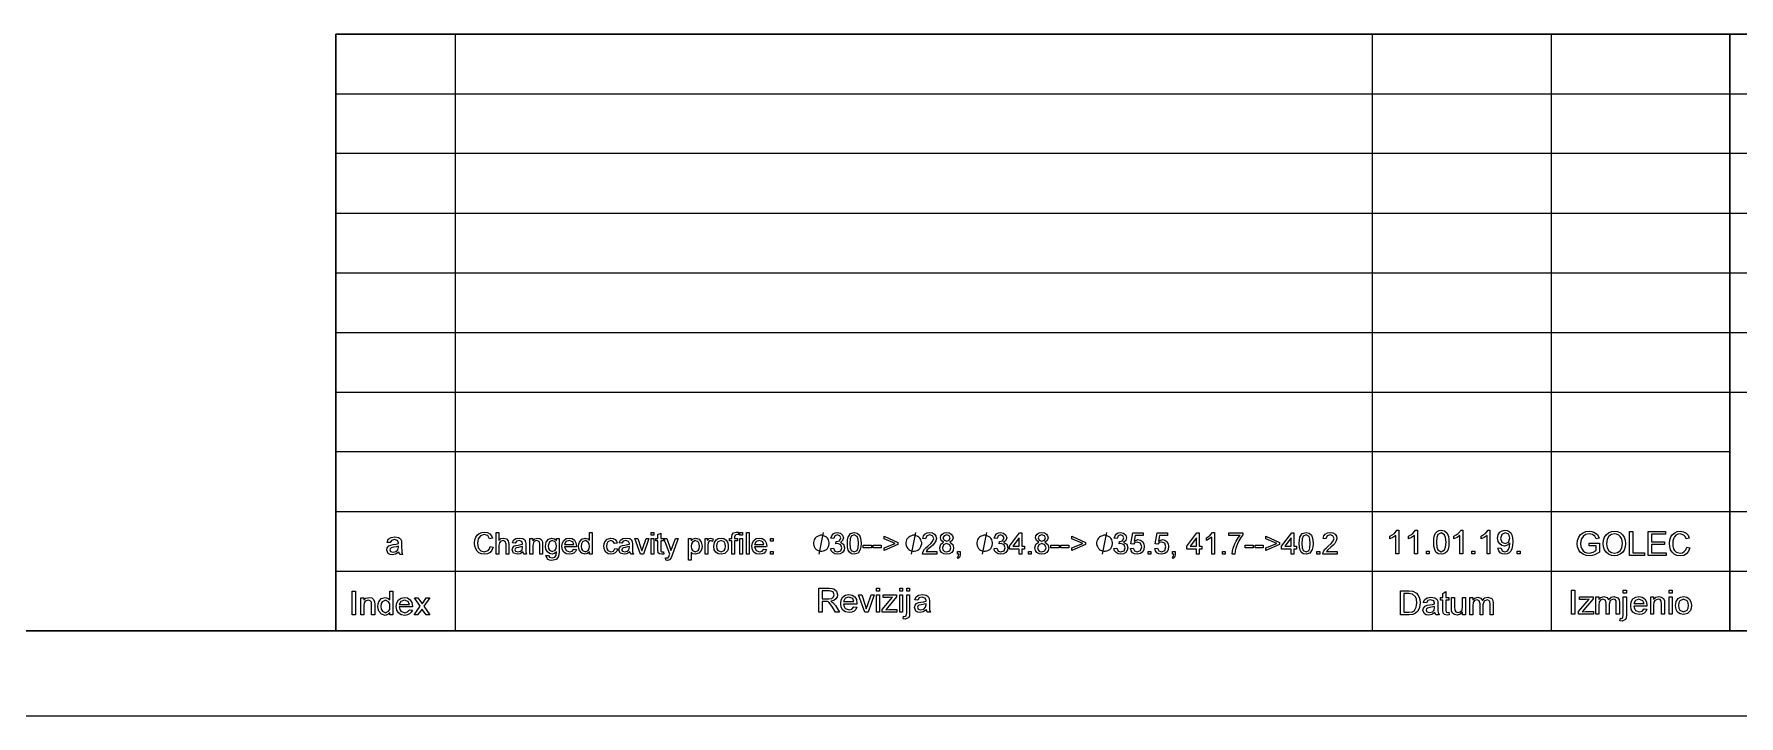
# Model space of a CAD drawing. Extents: x 0 to 297, y 0 to 420.
# Drawn here: x 124.7 to 224.7, y 0 to 40 of the extents above; entities that cross this region are included whole.
import ezdxf

# ---------------------------------------------------------------- set-up
doc = ezdxf.new("R2010")
doc.units = 0

msp = doc.modelspace()

# ---------------------------------------------------------------- linework, layer by layer
at = {"color": 7, "lineweight": 30}
for p, q in [((142.42, 40), (292, 40)), ((142.42, 40), (142.42, 5)), ((224.21, 40), (224.21, 5)), ((20, 5), (292, 5))]:
    msp.add_line(p, q, dxfattribs=at)
at = {"color": 7, "lineweight": 13}
for p, q in [((149.42, 40), (149.42, 5)), ((203.21, 40), (203.21, 5)), ((213.71, 40), (213.71, 5)), ((142.42, 36.5), (292, 36.5)), ((292, 33), (142.42, 33)), ((142.42, 29.5), (260.61, 29.5)), ((142.42, 26), (260.61, 26)), ((142.42, 22.5), (260.61, 22.5)), ((142.42, 19), (292, 19)), ((224.21, 15.5), (142.42, 15.5)), ((142.42, 12), (292, 12)), ((142.42, 8.5), (292, 8.5)), ((0, 0), (297, 0))]:
    msp.add_line(p, q, dxfattribs=at)
for points in [[(146.11, 9.6), (145.92, 9.48), (145.74, 9.45), (145.6, 9.47), (145.49, 9.53), (145.41, 9.73), (145.44, 9.87), (145.53, 9.97), (145.65, 10.02), (145.79, 10.05), (145.97, 10.08), (146.09, 10.11), (146.09, 10.15), (146.04, 10.29), (145.86, 10.34), (145.68, 10.3), (145.6, 10.17), (145.43, 10.18), (145.5, 10.36), (145.66, 10.46), (145.89, 10.5), (146.1, 10.46), (146.22, 10.39), (146.27, 10.27), (146.28, 10.12), (146.28, 9.9), (146.29, 9.71), (146.29, 9.6), (146.34, 9.47), (146.17, 9.47)], [(151.48, 9.94), (151.66, 9.9), (151.58, 9.72), (151.47, 9.59), (151.32, 9.5), (151.14, 9.48), (150.96, 9.5), (150.82, 9.56), (150.71, 9.66), (150.63, 9.8), (150.58, 9.96), (150.56, 10.14), (150.58, 10.32), (150.63, 10.48), (150.72, 10.61), (150.84, 10.71), (150.98, 10.76), (151.14, 10.78), (151.31, 10.76), (151.45, 10.69), (151.55, 10.57), (151.62, 10.42), (151.44, 10.38), (151.33, 10.58), (151.13, 10.64), (150.9, 10.57), (150.78, 10.38), (150.74, 10.14), (150.75, 9.99), (150.78, 9.86), (150.92, 9.68), (151.13, 9.62), (151.35, 9.7), (151.43, 9.8)], [(151.83, 9.49), (151.83, 10.76), (151.99, 10.76), (151.99, 10.3), (152.11, 10.4), (152.26, 10.43), (152.44, 10.39), (152.54, 10.28), (152.57, 10.07), (152.57, 9.49), (152.41, 9.49), (152.41, 10.07), (152.36, 10.24), (152.23, 10.29), (152.1, 10.25), (152.02, 10.16), (151.99, 9.99), (151.99, 9.49)], [(153.4, 9.62), (153.24, 9.51), (153.07, 9.48), (152.85, 9.55), (152.77, 9.74), (152.8, 9.86), (152.87, 9.95), (152.98, 10), (153.12, 10.02), (153.27, 10.05), (153.38, 10.08), (153.38, 10.11), (153.34, 10.24), (153.17, 10.29), (153.02, 10.25), (152.94, 10.13), (152.78, 10.15), (152.85, 10.31), (152.99, 10.4), (153.2, 10.43), (153.39, 10.4), (153.5, 10.33), (153.55, 10.22), (153.56, 10.09), (153.56, 9.89), (153.56, 9.72), (153.57, 9.62), (153.61, 9.49), (153.45, 9.49)], [(153.81, 9.49), (153.81, 10.41), (153.97, 10.41), (153.97, 10.28), (154.09, 10.39), (154.25, 10.43), (154.39, 10.4), (154.49, 10.32), (154.54, 10.21), (154.55, 10.06), (154.55, 9.49), (154.39, 9.49), (154.39, 10.05), (154.37, 10.19), (154.31, 10.26), (154.2, 10.29), (154.04, 10.23), (153.97, 9.99), (153.97, 9.49)], [(154.74, 9.42), (154.9, 9.41), (154.95, 9.31), (155.11, 9.27), (155.27, 9.31), (155.35, 9.42), (155.36, 9.62), (155.25, 9.53), (155.11, 9.49), (154.95, 9.53), (154.83, 9.63), (154.75, 9.78), (154.72, 9.96), (154.77, 10.2), (154.9, 10.37), (155.1, 10.43), (155.25, 10.39), (155.36, 10.29), (155.36, 10.41), (155.52, 10.41), (155.52, 9.62), (155.51, 9.44), (155.47, 9.32), (155.34, 9.18), (155.1, 9.12), (154.96, 9.14), (154.84, 9.2)], [(154.88, 9.97), (154.9, 9.82), (154.95, 9.72), (155.12, 9.64), (155.29, 9.72), (155.34, 9.82), (155.36, 9.96), (155.34, 10.1), (155.29, 10.21), (155.12, 10.29), (154.95, 10.21)], [(156.38, 9.78), (156.54, 9.76), (156.48, 9.64), (156.39, 9.55), (156.27, 9.5), (156.12, 9.48), (155.94, 9.51), (155.8, 9.6), (155.71, 9.75), (155.68, 9.95), (155.71, 10.15), (155.8, 10.3), (155.94, 10.4), (156.12, 10.43), (156.29, 10.4), (156.42, 10.31), (156.51, 10.16), (156.54, 9.96), (156.54, 9.92), (155.84, 9.92), (155.93, 9.7), (156.13, 9.62), (156.28, 9.66)], [(155.84, 10.06), (156.38, 10.06), (156.32, 10.21), (156.11, 10.29), (155.92, 10.23)], [(157.3, 9.49), (157.3, 9.63), (157.19, 9.52), (157.05, 9.48), (156.85, 9.54), (156.71, 9.71), (156.68, 9.82), (156.66, 9.95), (156.68, 10.08), (156.71, 10.2), (156.85, 10.37), (157.05, 10.43), (157.2, 10.39), (157.3, 10.29), (157.3, 10.76), (157.46, 10.76), (157.46, 9.49)], [(156.82, 9.95), (156.84, 9.81), (156.9, 9.7), (157.06, 9.62), (157.23, 9.7), (157.28, 9.8), (157.3, 9.94), (157.28, 10.1), (157.23, 10.2), (157.06, 10.29), (156.89, 10.21), (156.84, 10.1)], [(158.78, 9.83), (158.94, 9.81), (158.9, 9.67), (158.81, 9.57), (158.7, 9.5), (158.56, 9.48), (158.39, 9.51), (158.26, 9.6), (158.18, 9.75), (158.15, 9.95), (158.16, 10.09), (158.2, 10.21), (158.34, 10.37), (158.56, 10.43), (158.69, 10.41), (158.8, 10.35), (158.88, 10.26), (158.92, 10.13), (158.76, 10.11), (158.69, 10.24), (158.56, 10.29), (158.38, 10.21), (158.32, 10.1), (158.31, 9.95), (158.32, 9.8), (158.37, 9.7), (158.56, 9.62), (158.71, 9.67)], [(159.66, 9.62), (159.5, 9.51), (159.33, 9.48), (159.11, 9.55), (159.03, 9.74), (159.06, 9.86), (159.14, 9.95), (159.24, 10), (159.38, 10.02), (159.54, 10.05), (159.65, 10.08), (159.65, 10.11), (159.6, 10.24), (159.43, 10.29), (159.28, 10.25), (159.2, 10.13), (159.05, 10.15), (159.12, 10.31), (159.25, 10.4), (159.46, 10.43), (159.66, 10.4), (159.77, 10.33), (159.81, 10.22), (159.82, 10.09), (159.82, 9.89), (159.82, 9.72), (159.83, 9.62), (159.88, 9.49), (159.72, 9.49)], [(160.3, 9.49), (159.96, 10.41), (160.13, 10.41), (160.32, 9.86), (160.38, 9.68), (160.43, 9.85), (160.62, 10.41), (160.79, 10.41), (160.48, 9.49)], [(160.92, 10.61), (160.92, 10.76), (161.07, 10.76), (161.07, 10.61)], [(160.92, 9.49), (160.92, 10.41), (161.07, 10.41), (161.07, 9.49)], [(161.64, 9.63), (161.66, 9.49), (161.54, 9.48), (161.41, 9.5), (161.34, 9.57), (161.32, 9.75), (161.32, 10.27), (161.2, 10.27), (161.2, 10.41), (161.32, 10.41), (161.32, 10.64), (161.48, 10.73), (161.48, 10.41), (161.64, 10.41), (161.64, 10.27), (161.48, 10.27), (161.48, 9.74), (161.49, 9.66), (161.52, 9.63), (161.57, 9.62)], [(161.78, 9.14), (161.76, 9.28), (161.84, 9.27), (161.91, 9.28), (161.96, 9.33), (162, 9.45), (162.01, 9.49), (161.67, 10.41), (161.84, 10.41), (162.02, 9.9), (162.08, 9.7), (162.15, 9.88), (162.34, 10.41), (162.51, 10.41), (162.17, 9.48), (162.09, 9.27), (162, 9.16), (161.88, 9.12)], [(163.11, 9.14), (163.11, 10.41), (163.27, 10.41), (163.27, 10.27), (163.38, 10.39), (163.53, 10.43), (163.73, 10.37), (163.86, 10.2), (163.91, 9.96), (163.89, 9.83), (163.86, 9.71), (163.71, 9.54), (163.51, 9.48), (163.37, 9.51), (163.27, 9.61), (163.27, 9.14)], [(163.27, 9.95), (163.29, 9.8), (163.34, 9.7), (163.51, 9.62), (163.68, 9.7), (163.73, 9.81), (163.75, 9.96), (163.73, 10.1), (163.68, 10.21), (163.51, 10.29), (163.34, 10.2), (163.29, 10.09)], [(164.08, 9.49), (164.08, 10.41), (164.22, 10.41), (164.22, 10.29), (164.32, 10.4), (164.41, 10.43), (164.56, 10.39), (164.51, 10.24), (164.4, 10.29), (164.32, 10.26), (164.27, 10.17), (164.24, 9.99), (164.24, 9.49)], [(164.59, 9.95), (164.63, 10.17), (164.73, 10.33), (164.86, 10.4), (165.02, 10.43), (165.19, 10.4), (165.32, 10.31), (165.41, 10.16), (165.44, 9.97), (165.43, 9.81), (165.39, 9.69), (165.24, 9.53), (165.02, 9.48), (164.85, 9.51), (164.71, 9.6), (164.62, 9.75)], [(164.75, 9.95), (164.77, 9.81), (164.83, 9.7), (165.02, 9.62), (165.21, 9.7), (165.26, 9.81), (165.28, 9.96), (165.26, 10.1), (165.21, 10.21), (165.02, 10.29), (164.83, 10.21), (164.77, 10.1)], [(165.65, 9.49), (165.65, 10.27), (165.51, 10.27), (165.51, 10.41), (165.65, 10.41), (165.65, 10.51), (165.67, 10.65), (165.75, 10.75), (165.91, 10.78), (166.05, 10.77), (166.03, 10.63), (165.94, 10.64), (165.84, 10.61), (165.81, 10.5), (165.81, 10.41), (165.99, 10.41), (165.99, 10.27), (165.81, 10.27), (165.81, 9.49)], [(166.13, 10.61), (166.13, 10.76), (166.28, 10.76), (166.28, 10.61)], [(166.13, 9.49), (166.13, 10.41), (166.28, 10.41), (166.28, 9.49)], [(166.51, 9.49), (166.51, 10.76), (166.67, 10.76), (166.67, 9.49)], [(167.53, 9.78), (167.69, 9.76), (167.63, 9.64), (167.55, 9.55), (167.43, 9.5), (167.28, 9.48), (167.09, 9.51), (166.95, 9.6), (166.86, 9.75), (166.83, 9.95), (166.86, 10.15), (166.95, 10.3), (167.09, 10.4), (167.27, 10.43), (167.44, 10.4), (167.58, 10.31), (167.67, 10.16), (167.7, 9.96), (167.69, 9.92), (166.99, 9.92), (167.08, 9.7), (167.28, 9.62), (167.43, 9.66)], [(166.99, 10.06), (167.54, 10.06), (167.47, 10.21), (167.27, 10.29), (167.08, 10.23)], [(167.92, 10.25), (167.92, 10.41), (168.08, 10.41), (168.08, 10.25)], [(171.37, 10.13), (171.37, 10.17), (171.35, 10.26), (171.32, 10.32), (171.3, 10.36), (171.26, 10.43), (171.2, 10.49), (171.13, 10.53), (171.09, 10.55), (171.03, 10.57), (170.94, 10.6), (170.9, 10.6), (170.86, 10.6), (170.77, 10.57), (170.71, 10.55), (170.67, 10.53), (170.6, 10.49), (170.54, 10.43), (170.5, 10.36), (170.48, 10.32), (170.46, 10.26), (170.44, 10.17), (170.44, 10.13), (170.44, 10.09), (170.46, 10), (170.48, 9.94), (170.5, 9.9), (170.54, 9.83), (170.6, 9.77), (170.67, 9.73), (170.71, 9.71), (170.77, 9.69), (170.86, 9.66), (170.9, 9.66), (170.94, 9.66), (171.03, 9.69), (171.09, 9.71), (171.13, 9.73), (171.2, 9.77), (171.26, 9.83), (171.3, 9.9), (171.32, 9.94), (171.35, 10), (171.37, 10.09)], [(171.46, 9.83), (171.61, 9.85), (171.7, 9.67), (171.85, 9.62), (172.04, 9.69), (172.11, 9.87), (172.04, 10.04), (171.87, 10.11), (171.76, 10.09), (171.78, 10.24), (171.8, 10.23), (171.96, 10.28), (172.04, 10.44), (171.98, 10.57), (171.84, 10.62), (171.7, 10.57), (171.63, 10.41), (171.47, 10.43), (171.52, 10.57), (171.6, 10.68), (171.71, 10.74), (171.84, 10.76), (172.02, 10.72), (172.15, 10.6), (172.2, 10.44), (172.15, 10.29), (172.02, 10.18), (172.2, 10.08), (172.27, 9.87), (172.24, 9.72), (172.15, 9.59), (172.01, 9.51), (171.85, 9.48), (171.7, 9.5), (171.58, 9.58), (171.49, 9.69)], [(172.43, 10.12), (172.44, 10.32), (172.47, 10.49), (172.61, 10.7), (172.83, 10.76), (173.01, 10.72), (173.14, 10.61), (173.21, 10.42), (173.23, 10.29), (173.24, 10.12), (173.23, 9.92), (173.19, 9.76), (173.06, 9.55), (172.83, 9.48), (172.67, 9.51), (172.55, 9.6), (172.48, 9.73), (172.44, 9.9)], [(172.58, 10.12), (172.6, 9.86), (172.66, 9.71), (172.83, 9.62), (173.01, 9.71), (173.06, 9.86), (173.08, 10.12), (173.06, 10.37), (173.01, 10.52), (172.83, 10.62), (172.66, 10.54), (172.6, 10.38)], [(173.36, 9.87), (173.36, 10.01), (173.84, 10.01), (173.84, 9.87)], [(173.94, 9.87), (173.94, 10.01), (174.42, 10.01), (174.42, 9.87)], [(175.39, 10.06), (174.58, 9.71), (174.58, 9.87), (175.23, 10.12), (174.58, 10.38), (174.58, 10.54), (175.39, 10.18)], [(176.79, 10.13), (176.79, 10.17), (176.77, 10.26), (176.75, 10.32), (176.73, 10.36), (176.69, 10.43), (176.62, 10.49), (176.56, 10.53), (176.52, 10.55), (176.45, 10.57), (176.37, 10.6), (176.33, 10.6), (176.28, 10.6), (176.2, 10.57), (176.14, 10.55), (176.09, 10.53), (176.03, 10.49), (175.97, 10.43), (175.92, 10.36), (175.9, 10.32), (175.88, 10.26), (175.86, 10.17), (175.86, 10.13), (175.86, 10.09), (175.88, 10), (175.9, 9.94), (175.92, 9.9), (175.97, 9.83), (176.03, 9.77), (176.09, 9.73), (176.14, 9.71), (176.2, 9.69), (176.28, 9.66), (176.33, 9.66), (176.37, 9.66), (176.45, 9.69), (176.52, 9.71), (176.56, 9.73), (176.62, 9.77), (176.69, 9.83), (176.73, 9.9), (176.75, 9.94), (176.77, 10), (176.79, 10.09)], [(177.67, 9.65), (177.67, 9.49), (176.84, 9.49), (176.86, 9.61), (176.96, 9.78), (177.04, 9.87), (177.16, 9.96), (177.33, 10.12), (177.43, 10.23), (177.5, 10.41), (177.43, 10.56), (177.26, 10.62), (177.09, 10.56), (177.02, 10.39), (176.86, 10.41), (176.9, 10.56), (176.98, 10.67), (177.11, 10.74), (177.27, 10.76), (177.43, 10.74), (177.55, 10.66), (177.63, 10.55), (177.66, 10.41), (177.63, 10.27), (177.53, 10.11), (177.44, 10.02), (177.31, 9.89), (177.12, 9.74), (177.05, 9.65)], [(178.08, 10.19), (177.93, 10.29), (177.89, 10.44), (177.91, 10.57), (177.99, 10.67), (178.1, 10.74), (178.25, 10.76), (178.41, 10.74), (178.52, 10.67), (178.6, 10.56), (178.63, 10.44), (178.58, 10.29), (178.44, 10.19), (178.61, 10.06), (178.66, 9.86), (178.63, 9.71), (178.55, 9.59), (178.42, 9.51), (178.26, 9.48), (178.09, 9.51), (177.96, 9.59), (177.88, 9.71), (177.85, 9.87), (177.91, 10.07)], [(178.01, 9.87), (178.03, 9.74), (178.12, 9.65), (178.26, 9.62), (178.44, 9.69), (178.5, 9.86), (178.44, 10.04), (178.25, 10.11), (178.07, 10.04)], [(178.04, 10.44), (178.1, 10.31), (178.26, 10.25), (178.41, 10.31), (178.47, 10.44), (178.41, 10.57), (178.26, 10.62), (178.1, 10.57)], [(180.95, 10.13), (180.95, 10.17), (180.93, 10.26), (180.9, 10.32), (180.88, 10.36), (180.84, 10.43), (180.78, 10.49), (180.71, 10.53), (180.67, 10.55), (180.61, 10.57), (180.52, 10.6), (180.48, 10.6), (180.44, 10.6), (180.35, 10.57), (180.29, 10.55), (180.25, 10.53), (180.19, 10.49), (180.12, 10.43), (180.08, 10.36), (180.06, 10.32), (180.04, 10.26), (180.02, 10.17), (180.02, 10.13), (180.02, 10.09), (180.04, 10), (180.06, 9.94), (180.08, 9.9), (180.12, 9.83), (180.19, 9.77), (180.25, 9.73), (180.29, 9.71), (180.35, 9.69), (180.44, 9.66), (180.48, 9.66), (180.52, 9.66), (180.61, 9.69), (180.67, 9.71), (180.71, 9.73), (180.78, 9.77), (180.84, 9.83), (180.88, 9.9), (180.9, 9.94), (180.93, 10), (180.95, 10.09)], [(181.04, 9.83), (181.19, 9.85), (181.28, 9.67), (181.43, 9.62), (181.62, 9.69), (181.69, 9.87), (181.62, 10.04), (181.45, 10.11), (181.34, 10.09), (181.36, 10.24), (181.38, 10.23), (181.54, 10.28), (181.62, 10.44), (181.56, 10.57), (181.42, 10.62), (181.28, 10.57), (181.21, 10.41), (181.05, 10.43), (181.1, 10.57), (181.18, 10.68), (181.29, 10.74), (181.42, 10.76), (181.6, 10.72), (181.73, 10.6), (181.78, 10.44), (181.73, 10.29), (181.6, 10.18), (181.78, 10.08), (181.85, 9.87), (181.82, 9.72), (181.73, 9.59), (181.59, 9.51), (181.43, 9.48), (181.28, 9.5), (181.16, 9.58), (181.07, 9.69)], [(182.5, 9.49), (182.5, 9.79), (181.94, 9.79), (181.94, 9.95), (182.53, 10.75), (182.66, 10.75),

# # #

Report back each line in the material above that contains the string "color".

Answer to the exercise:
at = {"color": 7, "lineweight": 30}
at = {"color": 7, "lineweight": 13}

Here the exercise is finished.